Collected data entries:
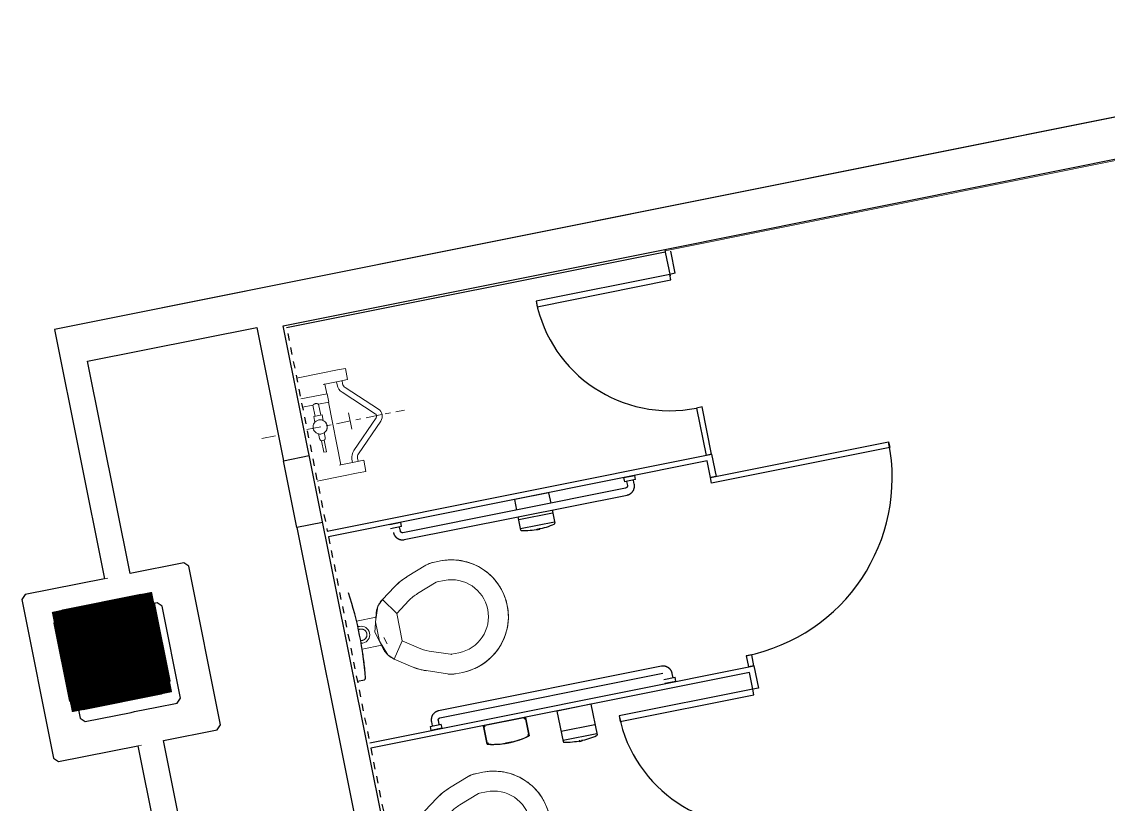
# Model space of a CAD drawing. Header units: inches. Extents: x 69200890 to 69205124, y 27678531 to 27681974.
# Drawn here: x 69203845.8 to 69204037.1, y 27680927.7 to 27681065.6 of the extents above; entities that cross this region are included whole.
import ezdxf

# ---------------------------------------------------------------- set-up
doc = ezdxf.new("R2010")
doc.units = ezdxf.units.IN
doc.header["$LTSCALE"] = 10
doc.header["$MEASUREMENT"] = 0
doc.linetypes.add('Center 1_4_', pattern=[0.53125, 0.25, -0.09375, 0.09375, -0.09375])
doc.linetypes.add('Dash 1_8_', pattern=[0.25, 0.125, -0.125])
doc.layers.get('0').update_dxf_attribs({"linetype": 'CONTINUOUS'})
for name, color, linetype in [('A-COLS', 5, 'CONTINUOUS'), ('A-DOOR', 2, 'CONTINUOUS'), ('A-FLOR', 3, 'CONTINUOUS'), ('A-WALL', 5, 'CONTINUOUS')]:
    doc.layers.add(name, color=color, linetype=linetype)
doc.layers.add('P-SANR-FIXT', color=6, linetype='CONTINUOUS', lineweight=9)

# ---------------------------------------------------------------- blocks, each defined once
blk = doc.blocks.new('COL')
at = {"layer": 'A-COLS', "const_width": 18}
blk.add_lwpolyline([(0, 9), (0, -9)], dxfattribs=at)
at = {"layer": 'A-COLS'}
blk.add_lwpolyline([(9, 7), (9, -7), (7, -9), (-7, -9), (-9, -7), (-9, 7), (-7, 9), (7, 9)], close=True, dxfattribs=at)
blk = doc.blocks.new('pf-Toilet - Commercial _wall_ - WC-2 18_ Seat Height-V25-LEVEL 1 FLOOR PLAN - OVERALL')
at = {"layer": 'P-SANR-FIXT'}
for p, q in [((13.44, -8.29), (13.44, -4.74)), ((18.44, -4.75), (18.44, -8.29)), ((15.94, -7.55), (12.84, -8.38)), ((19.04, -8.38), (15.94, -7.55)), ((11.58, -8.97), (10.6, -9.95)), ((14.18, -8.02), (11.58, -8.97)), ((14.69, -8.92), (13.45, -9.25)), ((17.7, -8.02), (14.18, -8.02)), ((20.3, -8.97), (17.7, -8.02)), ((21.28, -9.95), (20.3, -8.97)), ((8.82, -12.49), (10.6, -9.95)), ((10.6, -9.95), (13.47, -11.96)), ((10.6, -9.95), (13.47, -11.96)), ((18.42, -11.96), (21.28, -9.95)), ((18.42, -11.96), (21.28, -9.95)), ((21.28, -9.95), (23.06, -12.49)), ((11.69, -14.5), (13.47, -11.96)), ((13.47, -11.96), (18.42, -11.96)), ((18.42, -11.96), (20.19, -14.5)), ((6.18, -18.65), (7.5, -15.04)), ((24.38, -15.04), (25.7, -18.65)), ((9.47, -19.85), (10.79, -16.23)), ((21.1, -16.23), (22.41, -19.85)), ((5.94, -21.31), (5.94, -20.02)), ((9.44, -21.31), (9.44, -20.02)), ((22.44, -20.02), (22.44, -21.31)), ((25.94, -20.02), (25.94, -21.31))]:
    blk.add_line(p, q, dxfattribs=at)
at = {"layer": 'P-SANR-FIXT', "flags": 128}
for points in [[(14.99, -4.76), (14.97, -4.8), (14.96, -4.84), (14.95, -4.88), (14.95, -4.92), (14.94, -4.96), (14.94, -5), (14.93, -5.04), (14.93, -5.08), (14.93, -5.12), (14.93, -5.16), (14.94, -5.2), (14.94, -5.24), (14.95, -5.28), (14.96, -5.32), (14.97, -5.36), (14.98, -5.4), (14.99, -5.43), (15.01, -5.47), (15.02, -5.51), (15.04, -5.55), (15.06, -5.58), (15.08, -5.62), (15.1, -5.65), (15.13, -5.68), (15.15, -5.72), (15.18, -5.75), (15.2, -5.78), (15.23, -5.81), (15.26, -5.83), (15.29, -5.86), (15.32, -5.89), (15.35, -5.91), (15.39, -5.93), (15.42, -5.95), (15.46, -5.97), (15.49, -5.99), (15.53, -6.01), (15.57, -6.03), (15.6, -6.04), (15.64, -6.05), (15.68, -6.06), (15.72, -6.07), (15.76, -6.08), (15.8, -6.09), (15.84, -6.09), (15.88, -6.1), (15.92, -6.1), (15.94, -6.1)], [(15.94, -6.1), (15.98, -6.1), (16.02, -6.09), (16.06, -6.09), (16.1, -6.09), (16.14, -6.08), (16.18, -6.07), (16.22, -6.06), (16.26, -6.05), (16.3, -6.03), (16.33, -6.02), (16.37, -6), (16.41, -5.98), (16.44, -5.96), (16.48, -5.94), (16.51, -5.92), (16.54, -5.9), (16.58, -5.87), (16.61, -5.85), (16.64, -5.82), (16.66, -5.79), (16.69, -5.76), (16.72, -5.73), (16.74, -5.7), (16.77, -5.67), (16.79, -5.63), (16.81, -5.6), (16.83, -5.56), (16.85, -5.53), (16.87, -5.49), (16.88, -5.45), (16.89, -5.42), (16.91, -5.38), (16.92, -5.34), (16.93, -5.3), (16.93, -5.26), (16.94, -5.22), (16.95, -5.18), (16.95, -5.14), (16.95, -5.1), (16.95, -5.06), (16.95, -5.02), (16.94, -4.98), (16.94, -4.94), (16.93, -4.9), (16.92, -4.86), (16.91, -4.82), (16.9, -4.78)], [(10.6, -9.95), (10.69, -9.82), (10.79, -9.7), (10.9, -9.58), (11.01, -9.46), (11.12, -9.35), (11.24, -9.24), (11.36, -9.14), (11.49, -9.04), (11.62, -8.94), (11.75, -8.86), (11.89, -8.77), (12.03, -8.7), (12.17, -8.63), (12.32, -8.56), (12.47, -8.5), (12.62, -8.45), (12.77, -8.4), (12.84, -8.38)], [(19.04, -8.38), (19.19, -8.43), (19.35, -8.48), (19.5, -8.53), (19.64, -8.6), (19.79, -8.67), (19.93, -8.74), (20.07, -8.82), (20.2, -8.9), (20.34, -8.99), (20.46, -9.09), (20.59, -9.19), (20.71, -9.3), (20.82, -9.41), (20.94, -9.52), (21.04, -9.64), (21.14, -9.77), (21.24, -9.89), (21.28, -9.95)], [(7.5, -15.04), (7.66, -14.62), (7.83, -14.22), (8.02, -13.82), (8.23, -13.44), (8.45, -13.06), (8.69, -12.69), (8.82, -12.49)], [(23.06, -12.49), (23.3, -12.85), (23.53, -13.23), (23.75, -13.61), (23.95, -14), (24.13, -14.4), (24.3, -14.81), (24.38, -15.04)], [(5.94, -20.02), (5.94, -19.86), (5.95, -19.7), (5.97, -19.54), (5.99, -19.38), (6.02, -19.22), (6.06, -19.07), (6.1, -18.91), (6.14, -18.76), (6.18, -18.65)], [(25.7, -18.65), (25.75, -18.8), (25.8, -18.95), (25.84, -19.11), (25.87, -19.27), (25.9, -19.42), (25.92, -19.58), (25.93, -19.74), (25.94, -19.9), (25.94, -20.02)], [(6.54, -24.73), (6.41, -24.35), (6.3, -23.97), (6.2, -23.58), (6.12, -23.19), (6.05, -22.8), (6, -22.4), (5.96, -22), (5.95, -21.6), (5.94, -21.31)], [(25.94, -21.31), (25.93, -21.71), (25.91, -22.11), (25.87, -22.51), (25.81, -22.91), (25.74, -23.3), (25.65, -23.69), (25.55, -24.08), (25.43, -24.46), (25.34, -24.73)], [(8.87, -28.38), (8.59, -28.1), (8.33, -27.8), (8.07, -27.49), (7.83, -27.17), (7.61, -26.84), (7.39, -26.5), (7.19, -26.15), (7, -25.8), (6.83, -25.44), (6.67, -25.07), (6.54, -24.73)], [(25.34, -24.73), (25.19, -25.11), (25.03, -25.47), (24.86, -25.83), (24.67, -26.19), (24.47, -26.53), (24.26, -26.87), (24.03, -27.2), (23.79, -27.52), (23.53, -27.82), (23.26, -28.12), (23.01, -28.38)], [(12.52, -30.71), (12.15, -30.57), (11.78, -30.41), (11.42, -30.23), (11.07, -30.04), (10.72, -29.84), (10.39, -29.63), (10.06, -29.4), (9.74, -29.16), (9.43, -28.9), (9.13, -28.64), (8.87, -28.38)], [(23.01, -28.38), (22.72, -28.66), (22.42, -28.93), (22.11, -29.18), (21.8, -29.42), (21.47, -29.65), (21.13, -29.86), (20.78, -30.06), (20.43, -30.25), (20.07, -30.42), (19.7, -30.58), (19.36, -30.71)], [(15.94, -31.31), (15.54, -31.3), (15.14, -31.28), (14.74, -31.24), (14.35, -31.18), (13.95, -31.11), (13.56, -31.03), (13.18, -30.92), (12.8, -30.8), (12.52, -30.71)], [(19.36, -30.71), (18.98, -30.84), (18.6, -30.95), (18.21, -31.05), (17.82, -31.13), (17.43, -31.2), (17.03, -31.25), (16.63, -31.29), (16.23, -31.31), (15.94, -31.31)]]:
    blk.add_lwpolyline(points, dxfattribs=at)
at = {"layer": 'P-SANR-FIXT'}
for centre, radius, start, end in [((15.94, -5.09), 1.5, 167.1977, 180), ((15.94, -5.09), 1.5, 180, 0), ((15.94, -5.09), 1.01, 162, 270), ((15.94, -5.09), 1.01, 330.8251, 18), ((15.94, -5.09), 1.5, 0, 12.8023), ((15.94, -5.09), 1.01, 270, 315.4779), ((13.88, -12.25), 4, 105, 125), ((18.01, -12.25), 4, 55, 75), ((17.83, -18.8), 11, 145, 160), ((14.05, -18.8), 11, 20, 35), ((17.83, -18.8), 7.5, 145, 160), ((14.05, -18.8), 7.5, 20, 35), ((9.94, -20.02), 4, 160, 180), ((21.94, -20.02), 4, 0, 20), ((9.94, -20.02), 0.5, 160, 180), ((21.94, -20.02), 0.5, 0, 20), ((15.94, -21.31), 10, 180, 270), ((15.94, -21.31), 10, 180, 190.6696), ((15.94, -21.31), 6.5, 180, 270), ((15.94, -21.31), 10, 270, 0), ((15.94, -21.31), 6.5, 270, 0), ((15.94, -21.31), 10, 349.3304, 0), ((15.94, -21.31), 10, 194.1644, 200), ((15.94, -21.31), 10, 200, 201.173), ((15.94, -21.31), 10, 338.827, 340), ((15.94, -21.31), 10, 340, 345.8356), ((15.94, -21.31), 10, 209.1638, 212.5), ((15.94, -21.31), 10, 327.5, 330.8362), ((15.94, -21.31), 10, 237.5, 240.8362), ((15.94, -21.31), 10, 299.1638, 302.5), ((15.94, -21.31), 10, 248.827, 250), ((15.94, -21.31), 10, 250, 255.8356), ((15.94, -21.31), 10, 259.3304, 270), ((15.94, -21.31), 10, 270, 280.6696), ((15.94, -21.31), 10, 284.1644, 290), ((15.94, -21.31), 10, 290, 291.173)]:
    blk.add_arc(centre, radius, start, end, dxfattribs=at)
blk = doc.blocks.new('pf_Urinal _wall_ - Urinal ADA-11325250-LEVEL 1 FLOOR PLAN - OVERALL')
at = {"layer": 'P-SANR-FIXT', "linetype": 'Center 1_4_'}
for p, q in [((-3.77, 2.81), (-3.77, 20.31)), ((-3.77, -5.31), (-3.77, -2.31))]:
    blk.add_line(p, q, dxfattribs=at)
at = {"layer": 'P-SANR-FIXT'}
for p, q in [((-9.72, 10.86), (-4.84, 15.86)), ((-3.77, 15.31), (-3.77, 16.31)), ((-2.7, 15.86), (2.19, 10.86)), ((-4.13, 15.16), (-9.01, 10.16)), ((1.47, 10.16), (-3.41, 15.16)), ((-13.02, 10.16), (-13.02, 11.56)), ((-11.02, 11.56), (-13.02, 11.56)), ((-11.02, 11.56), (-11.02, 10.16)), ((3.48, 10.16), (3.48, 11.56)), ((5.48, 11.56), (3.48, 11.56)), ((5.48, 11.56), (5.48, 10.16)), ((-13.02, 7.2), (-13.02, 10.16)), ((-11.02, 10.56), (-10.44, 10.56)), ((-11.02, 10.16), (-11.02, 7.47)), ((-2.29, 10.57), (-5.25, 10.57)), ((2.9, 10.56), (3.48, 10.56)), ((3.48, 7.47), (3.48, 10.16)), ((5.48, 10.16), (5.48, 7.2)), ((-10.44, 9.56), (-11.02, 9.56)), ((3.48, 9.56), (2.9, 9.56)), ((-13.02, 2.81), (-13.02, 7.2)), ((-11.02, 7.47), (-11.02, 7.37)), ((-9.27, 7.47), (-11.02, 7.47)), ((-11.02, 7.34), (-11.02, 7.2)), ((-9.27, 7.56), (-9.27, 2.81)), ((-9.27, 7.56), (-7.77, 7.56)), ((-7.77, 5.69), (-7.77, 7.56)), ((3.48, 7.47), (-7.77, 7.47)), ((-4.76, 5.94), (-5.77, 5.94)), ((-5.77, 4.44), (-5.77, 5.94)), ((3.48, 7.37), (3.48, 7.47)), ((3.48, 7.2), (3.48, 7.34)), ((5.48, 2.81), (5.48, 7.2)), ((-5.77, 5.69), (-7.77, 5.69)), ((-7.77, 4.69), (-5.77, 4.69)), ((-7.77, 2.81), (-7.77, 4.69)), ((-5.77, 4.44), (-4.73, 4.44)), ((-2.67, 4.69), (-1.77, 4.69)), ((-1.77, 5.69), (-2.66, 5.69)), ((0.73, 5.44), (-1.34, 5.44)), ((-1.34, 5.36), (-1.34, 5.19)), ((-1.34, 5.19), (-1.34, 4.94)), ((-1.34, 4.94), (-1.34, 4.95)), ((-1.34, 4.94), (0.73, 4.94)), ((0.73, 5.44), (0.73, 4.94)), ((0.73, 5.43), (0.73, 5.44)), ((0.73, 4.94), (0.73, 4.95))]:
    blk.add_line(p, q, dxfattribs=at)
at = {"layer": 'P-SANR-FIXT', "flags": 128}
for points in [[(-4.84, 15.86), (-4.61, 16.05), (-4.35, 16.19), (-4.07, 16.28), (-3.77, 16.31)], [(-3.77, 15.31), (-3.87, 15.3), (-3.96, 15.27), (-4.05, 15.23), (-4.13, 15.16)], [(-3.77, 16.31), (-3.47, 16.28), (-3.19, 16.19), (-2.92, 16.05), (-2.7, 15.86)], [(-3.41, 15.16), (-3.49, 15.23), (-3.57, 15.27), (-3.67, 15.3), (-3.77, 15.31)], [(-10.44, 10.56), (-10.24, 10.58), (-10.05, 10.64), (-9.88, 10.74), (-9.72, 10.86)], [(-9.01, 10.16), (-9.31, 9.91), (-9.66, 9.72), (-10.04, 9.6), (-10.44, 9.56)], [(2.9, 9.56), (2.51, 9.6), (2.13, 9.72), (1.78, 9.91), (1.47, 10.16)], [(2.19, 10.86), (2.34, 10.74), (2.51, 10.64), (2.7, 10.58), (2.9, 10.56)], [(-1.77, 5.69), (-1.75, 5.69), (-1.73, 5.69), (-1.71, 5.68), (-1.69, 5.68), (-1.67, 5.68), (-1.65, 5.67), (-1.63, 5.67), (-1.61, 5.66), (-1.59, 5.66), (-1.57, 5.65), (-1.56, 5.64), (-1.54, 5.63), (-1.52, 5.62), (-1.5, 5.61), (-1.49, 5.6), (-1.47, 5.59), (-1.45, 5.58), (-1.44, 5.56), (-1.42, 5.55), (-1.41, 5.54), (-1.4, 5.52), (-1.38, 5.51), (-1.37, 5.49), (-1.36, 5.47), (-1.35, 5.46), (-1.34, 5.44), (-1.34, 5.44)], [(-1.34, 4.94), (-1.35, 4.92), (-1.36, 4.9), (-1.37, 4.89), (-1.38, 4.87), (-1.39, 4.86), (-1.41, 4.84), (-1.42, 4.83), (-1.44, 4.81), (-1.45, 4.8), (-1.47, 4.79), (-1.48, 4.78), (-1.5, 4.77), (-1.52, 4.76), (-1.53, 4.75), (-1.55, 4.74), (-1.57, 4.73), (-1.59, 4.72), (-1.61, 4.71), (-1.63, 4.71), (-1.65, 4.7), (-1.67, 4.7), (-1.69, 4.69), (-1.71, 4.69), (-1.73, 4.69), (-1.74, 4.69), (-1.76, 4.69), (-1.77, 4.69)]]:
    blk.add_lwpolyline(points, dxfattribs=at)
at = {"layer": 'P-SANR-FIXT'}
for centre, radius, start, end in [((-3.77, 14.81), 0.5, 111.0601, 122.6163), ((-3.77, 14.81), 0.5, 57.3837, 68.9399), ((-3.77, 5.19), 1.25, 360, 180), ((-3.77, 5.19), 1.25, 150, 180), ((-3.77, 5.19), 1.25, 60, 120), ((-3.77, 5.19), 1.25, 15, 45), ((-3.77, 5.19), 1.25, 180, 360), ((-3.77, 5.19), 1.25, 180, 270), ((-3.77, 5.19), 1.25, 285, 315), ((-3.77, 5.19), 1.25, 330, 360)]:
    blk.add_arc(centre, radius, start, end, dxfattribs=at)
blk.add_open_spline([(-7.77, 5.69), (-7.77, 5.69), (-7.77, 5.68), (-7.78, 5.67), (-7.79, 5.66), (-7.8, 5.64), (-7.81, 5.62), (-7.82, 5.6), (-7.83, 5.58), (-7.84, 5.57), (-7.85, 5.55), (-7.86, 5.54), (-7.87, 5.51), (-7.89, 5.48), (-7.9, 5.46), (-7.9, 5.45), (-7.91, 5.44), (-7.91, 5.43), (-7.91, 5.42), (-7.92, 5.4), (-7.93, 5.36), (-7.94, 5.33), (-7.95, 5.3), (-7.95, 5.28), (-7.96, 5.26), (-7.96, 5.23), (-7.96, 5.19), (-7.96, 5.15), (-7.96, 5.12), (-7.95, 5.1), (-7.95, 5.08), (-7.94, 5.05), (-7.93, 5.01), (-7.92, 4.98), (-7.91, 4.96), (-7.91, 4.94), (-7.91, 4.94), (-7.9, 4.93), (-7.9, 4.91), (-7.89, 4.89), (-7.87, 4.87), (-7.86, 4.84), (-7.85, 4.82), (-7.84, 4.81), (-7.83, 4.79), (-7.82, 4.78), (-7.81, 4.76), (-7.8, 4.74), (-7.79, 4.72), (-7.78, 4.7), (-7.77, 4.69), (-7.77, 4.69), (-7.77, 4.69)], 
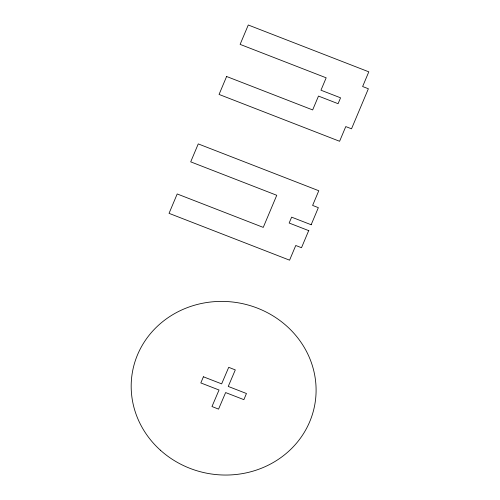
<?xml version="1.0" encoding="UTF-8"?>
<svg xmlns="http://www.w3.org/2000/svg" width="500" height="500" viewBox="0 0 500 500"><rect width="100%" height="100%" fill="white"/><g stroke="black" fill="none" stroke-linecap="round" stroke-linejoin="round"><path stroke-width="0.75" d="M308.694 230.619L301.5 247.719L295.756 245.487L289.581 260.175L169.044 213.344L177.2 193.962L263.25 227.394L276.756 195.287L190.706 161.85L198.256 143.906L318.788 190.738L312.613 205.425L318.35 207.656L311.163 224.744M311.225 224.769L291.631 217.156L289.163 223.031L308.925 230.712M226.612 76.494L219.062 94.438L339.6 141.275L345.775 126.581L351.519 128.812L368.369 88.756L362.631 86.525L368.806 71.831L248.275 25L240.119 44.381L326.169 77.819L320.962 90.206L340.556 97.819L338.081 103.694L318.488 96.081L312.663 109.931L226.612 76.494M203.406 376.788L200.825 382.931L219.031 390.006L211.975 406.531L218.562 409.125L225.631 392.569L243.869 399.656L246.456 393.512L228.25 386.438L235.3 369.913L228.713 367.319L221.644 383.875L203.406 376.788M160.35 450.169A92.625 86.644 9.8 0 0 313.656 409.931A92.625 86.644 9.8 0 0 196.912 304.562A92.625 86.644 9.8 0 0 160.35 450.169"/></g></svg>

Required action:
Report the number of lines in these entries that hold the word "Center". Add nothing else.

Answer section:
2